5. Output correctness is identical
Both devices produced bit-identical bounding box coordinates across all task types. The model's detection quality doesn't degrade on Thor's ARM+CUDA stack.
Warm-up Behavior
First-inference latency was notably different from steady-state:
| First inference (warm-up) | Steady-state | |
|---|---|---|
| RTX 3090 | 6,760 ms | 300 ms |
| Jetson AGX Thor | 4,696 ms | 640 ms |
Interestingly, Thor's warm-up was faster (4.7s vs 6.8s on 3090) despite being slower at steady state. The warm-up cost on the 3090 includes CUDA kernel compilation that is more extensive on the desktop CUDA stack. In production, keep the model loaded and warm between inference calls.

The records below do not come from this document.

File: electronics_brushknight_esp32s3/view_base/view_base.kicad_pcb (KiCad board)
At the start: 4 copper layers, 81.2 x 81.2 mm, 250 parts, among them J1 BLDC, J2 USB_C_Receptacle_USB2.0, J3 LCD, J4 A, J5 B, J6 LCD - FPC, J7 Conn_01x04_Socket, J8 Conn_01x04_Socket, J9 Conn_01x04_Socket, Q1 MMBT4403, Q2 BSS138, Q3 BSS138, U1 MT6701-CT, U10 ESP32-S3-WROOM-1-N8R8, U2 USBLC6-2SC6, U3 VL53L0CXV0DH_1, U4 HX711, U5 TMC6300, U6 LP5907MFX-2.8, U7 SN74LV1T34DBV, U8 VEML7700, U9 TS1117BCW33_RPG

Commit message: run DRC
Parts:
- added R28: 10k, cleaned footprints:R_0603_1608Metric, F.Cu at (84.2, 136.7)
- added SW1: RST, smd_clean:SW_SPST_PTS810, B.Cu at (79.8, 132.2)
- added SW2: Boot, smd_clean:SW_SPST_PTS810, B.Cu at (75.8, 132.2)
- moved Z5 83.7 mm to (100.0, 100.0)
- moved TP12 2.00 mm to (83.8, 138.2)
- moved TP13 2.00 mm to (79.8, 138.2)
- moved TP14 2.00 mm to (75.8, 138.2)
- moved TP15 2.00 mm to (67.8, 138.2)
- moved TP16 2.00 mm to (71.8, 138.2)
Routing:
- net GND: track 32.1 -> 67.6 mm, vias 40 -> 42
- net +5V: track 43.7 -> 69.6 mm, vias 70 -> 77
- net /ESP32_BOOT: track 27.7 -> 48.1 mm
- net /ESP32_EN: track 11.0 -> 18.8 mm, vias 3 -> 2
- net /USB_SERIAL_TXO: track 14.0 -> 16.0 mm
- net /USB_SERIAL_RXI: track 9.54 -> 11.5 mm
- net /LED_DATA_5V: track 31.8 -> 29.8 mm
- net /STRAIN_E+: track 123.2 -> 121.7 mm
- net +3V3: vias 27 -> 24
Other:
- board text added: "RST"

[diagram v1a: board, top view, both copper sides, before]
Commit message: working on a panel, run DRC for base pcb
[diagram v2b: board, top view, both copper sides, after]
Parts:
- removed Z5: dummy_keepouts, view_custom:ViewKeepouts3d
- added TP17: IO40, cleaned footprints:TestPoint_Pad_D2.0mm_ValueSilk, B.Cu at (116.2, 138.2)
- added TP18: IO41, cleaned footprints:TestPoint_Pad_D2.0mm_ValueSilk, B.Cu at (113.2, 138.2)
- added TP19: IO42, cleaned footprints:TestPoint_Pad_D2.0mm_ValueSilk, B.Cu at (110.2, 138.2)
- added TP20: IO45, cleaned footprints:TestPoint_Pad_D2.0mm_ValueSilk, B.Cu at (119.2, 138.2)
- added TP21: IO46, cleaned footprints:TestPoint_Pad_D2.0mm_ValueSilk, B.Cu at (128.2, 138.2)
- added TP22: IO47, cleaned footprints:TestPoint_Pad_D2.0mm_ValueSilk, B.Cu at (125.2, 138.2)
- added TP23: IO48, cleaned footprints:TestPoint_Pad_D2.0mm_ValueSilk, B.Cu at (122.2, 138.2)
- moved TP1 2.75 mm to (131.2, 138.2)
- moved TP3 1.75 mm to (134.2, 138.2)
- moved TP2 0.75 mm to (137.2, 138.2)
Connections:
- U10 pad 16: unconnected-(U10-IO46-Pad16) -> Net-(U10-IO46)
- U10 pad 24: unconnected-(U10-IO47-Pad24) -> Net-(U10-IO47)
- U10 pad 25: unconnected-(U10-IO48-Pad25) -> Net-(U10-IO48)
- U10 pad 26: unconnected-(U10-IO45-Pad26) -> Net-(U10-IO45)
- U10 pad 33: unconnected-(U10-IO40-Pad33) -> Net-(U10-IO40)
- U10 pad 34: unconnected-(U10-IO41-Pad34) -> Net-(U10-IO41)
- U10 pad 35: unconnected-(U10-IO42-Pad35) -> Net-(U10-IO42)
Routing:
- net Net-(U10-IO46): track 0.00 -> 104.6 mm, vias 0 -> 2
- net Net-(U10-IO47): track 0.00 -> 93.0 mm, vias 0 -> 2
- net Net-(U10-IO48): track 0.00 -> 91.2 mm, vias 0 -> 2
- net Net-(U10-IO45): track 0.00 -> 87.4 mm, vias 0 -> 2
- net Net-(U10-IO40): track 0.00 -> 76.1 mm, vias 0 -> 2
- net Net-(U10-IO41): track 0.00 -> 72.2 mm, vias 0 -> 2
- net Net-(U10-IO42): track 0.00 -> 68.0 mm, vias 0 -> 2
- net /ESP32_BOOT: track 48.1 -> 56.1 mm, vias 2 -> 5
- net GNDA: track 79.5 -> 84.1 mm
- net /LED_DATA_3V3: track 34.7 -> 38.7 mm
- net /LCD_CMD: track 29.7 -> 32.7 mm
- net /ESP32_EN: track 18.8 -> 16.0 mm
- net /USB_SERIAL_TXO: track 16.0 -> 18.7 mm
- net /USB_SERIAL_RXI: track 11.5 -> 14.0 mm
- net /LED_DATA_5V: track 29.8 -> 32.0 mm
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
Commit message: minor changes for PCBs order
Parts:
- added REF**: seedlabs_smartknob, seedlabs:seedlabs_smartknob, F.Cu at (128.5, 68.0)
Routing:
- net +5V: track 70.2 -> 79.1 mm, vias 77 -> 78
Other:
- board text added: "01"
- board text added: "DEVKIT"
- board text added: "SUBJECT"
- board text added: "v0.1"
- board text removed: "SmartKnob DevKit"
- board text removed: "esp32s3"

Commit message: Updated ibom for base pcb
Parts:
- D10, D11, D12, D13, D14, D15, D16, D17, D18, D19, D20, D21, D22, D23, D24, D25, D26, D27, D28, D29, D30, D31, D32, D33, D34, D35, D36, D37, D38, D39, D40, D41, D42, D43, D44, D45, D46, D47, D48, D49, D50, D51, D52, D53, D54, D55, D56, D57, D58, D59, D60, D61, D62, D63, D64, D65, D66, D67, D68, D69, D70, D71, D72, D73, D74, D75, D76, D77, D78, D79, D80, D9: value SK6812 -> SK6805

Practical Deployment Guide
| Scenario | Recommended hardware | Notes |
|---|---|---|
| Real-time video (≥10 fps) | RTX 3090 or better | Thor needs INT8 quantization |
| Batch inspection (1–3 fps) | Either | Thor is cost-effective |
| Edge deployment, no cloud | Jetson AGX Thor | Full precision, no compression |
| Camera-side grounding | Jetson AGX Thor | Local inference, data stays on device |
| Interactive demo | RTX 3090 | Sub-300ms responses |
| Multi-task pipeline | Thor (128 GB shared) | Run grounding + LLM together |
Environment Notes
LocateAnything-3B requires Python 3.10+, torch, transformers ≥4.51 (for Qwen3 support), peft, and lmdb. On Jetson (aarch64), decord has no prebuilt wheel — a stub package satisfies the import check since the model only uses decord for video loading, which grounding tasks don't require.
The magi_attention kernel (NVIDIA's custom attention implementation) was not available in the tested environment on either device — both fell back to PyTorch's SDPA. Enabling magi_attention would likely reduce latency further on both machines.
Benchmark Script
The full benchmark script used for this test is available. It measures load time, per-task latency across all three generation modes, and 10-run throughput — and saves results as JSON.
# Key parameters used
model = AutoModel.from_pretrained(
MODEL_PATH, torch_dtype=torch.bfloat16, trust_remote_code=True
).cuda().eval()
# Tasks tested
tasks = ["detection", "grounding-single", "text-detection", "pointing"]
modes = ["hybrid", "fast", "slow"]
throughput_runs = 10
Summary
| Metric | RTX 3090 | Jetson AGX Thor |
|---|---|---|
| Model load | 8.1s | 20.4s |
| Memory used | 7.4 GB | 7.4 GB / 128 GB |
| Single query (hybrid) | ~300 ms | ~640 ms |
| Throughput | 3.32 fps | 1.48 fps |
| Best detection mode | Slow: 966ms | Slow: 1,399ms |
| Real-time capable? | Borderline | No (batch only) |
| Quantization needed? | No | For real-time |
| Power envelope | ~350W peak | ~60W |
LocateAnything-3B runs cleanly on both a desktop workstation GPU and an edge AI device with no modifications. The 3090 delivers ~2.2× the throughput, but Thor's power efficiency (~60W vs ~350W), unified memory architecture, and edge deployment advantages make it a compelling platform for inspection and grounding workloads that don't require real-time response rates.